Saturday, October 22, 2011

Building better catalysts

 University of Utah chemists developed a method to design and test new catalysts, which are substances that speed chemical reactions and are crucial for producing energy, chemicals and industrial products. By using the new method, the chemists also made a discovery that will make it easier to design future catalysts.


The discovery: the sizes and electronic properties of catalysts interact to affect how well a catalyst performs, and are not independent factors as was thought previously. Chemistry Professor Matt Sigman and doctoral student Kaid Harper, report their findings in the Sept. 30, 2011, issue of the journal Science.


"It opens our eyes to how to design new catalysts that we wouldn't necessarily think about designing, for a broad range of reactions," Sigman says. "We're pretty excited."


Sigman believes the new technique for designing and testing catalysts "is going to be picked up pretty fast," first by academic and then by industrial chemists, who "will see it's a simple way to rapidly design better catalysts."


'Catalysts Make the World Go 'Round'


Catalysts speed chemical reactions without being consumed by those reactions. Their importance to society and the economy is tough to overstate. Products made with catalysts include medicines, fuels, foods and fertilizers.


Ninety percent of U.S. chemical manufacturing processes involve catalysts, which also are used to make more than one-fifth of all industrial products. Those processes consume much energy, so making catalytic reactions more efficient would both save energy and reduce emissions of climate-warming carbon dioxide gas.


"Catalysts make the world go 'round," says Sigman. "Catalysts are how we make molecules more efficiently and, more important, make molecules that can't be made using any other method."


The Utah researchers developed a new method for rapidly identifying and designing what are known as "asymmetric catalysts," which are catalyst molecules that are considered either left-handed or right-handed because they are physically asymmetrical. In chemistry, this property of handedness is known as chirality.

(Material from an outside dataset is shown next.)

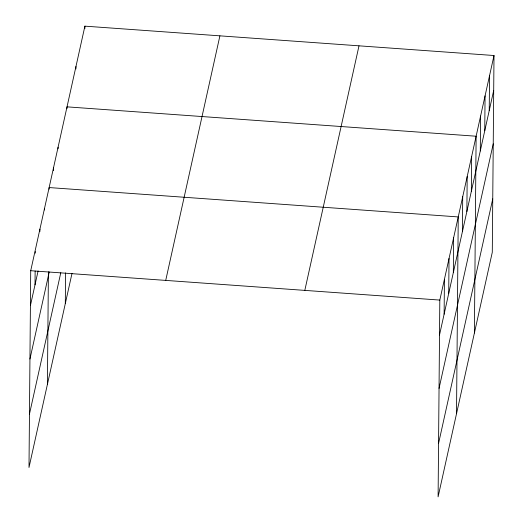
<?xml version="1.0" encoding="UTF-8"?>
<svg xmlns="http://www.w3.org/2000/svg" width="523" height="523" viewBox="0 0 523 523"><rect width="100%" height="100%" fill="white"/><g stroke="black" fill="none" stroke-linecap="round" stroke-linejoin="round"><path stroke-width="0.78" d="M494.006 55.516L439.817 300.078L438.097 496.85L492.287 252.289L494.006 55.516L84.903 26.15L30.713 270.711L28.994 467.484L72.011 273.359M35.015 284.832L35.133 271.032M35.289 253.171L35.303 251.55M39.905 231.571L39.925 229.139M44.52 209.971L44.533 208.35M47.423 384.333L48.404 271.836M49.123 189.189L49.136 187.561L458.24 216.927L456.52 413.7M53.581 170.635L53.608 167.386M58.066 148.833L58.079 147.211M65.303 303.628L65.571 272.869M67.009 108.477L67.022 106.855L476.12 136.222L474.407 332.994M75.94 68.938L75.959 66.506M84.883 28.582L84.903 26.15M444.119 314.199L444.419 279.295M448.721 293.41L449.028 258.506M453.33 272.62L453.631 237.717M462.404 231.656L462.711 196.753M466.876 211.482L467.183 176.578M471.347 191.3L471.648 156.397M480.291 150.951L480.591 116.047M484.756 130.776L485.063 95.872M489.227 110.595L489.535 75.691M30.406 305.615L38.087 270.973M29.942 359.033L49.227 271.999M29.465 414.066L60.786 272.712M165.719 280.406L219.908 35.839M304.811 290.389L359 45.828M439.51 334.982L493.699 90.42M439.045 388.399L493.235 143.838M438.562 443.432L492.751 198.871M30.713 270.711L439.817 300.078"/></g></svg>

Chemists want new asymmetric catalysts because they impart handedness or chirality to the molecules they are used to make. For example, when a left-handed or right-handed catalyst is used to speed a chemical reaction, the chemical that results from that reaction can be either left-handed or right-handed.


"Handedness is an essential component of a drug's effectiveness," Sigman says.


Drugs generally work by latching onto proteins involved in a disease-causing process. The drug is like a key that fits into a protein lock, and chirality "is the direction the key goes" to fit properly and open the lock, says Sigman.


"However, developing asymmetric catalysts [to produce asymmetric drug molecules] can be a time-consuming and sometimes unsuccessful undertaking" because it usually is done by trial and error, he adds.


Sigman says the new study "is a step toward developing faster methods to identify optimal catalysts and insight into how to design them."


A Mathematical Approach to Catalyst Design


Harper and Sigman combined principles of data analysis with principles of catalyst design to create a "library" of nine related catalysts that they hypothesized would effectively catalyze a given reaction -- one that could be useful for making new pharmaceuticals. Essentially, they used math to find the optimal size and electronic properties of the candidate catalysts.


Then the chemists tested the nine catalysts -- known as "quinoline proline ligands" -- to determine how well their degree of handedness would be passed on to the chemical reaction products the catalysts were used to produce.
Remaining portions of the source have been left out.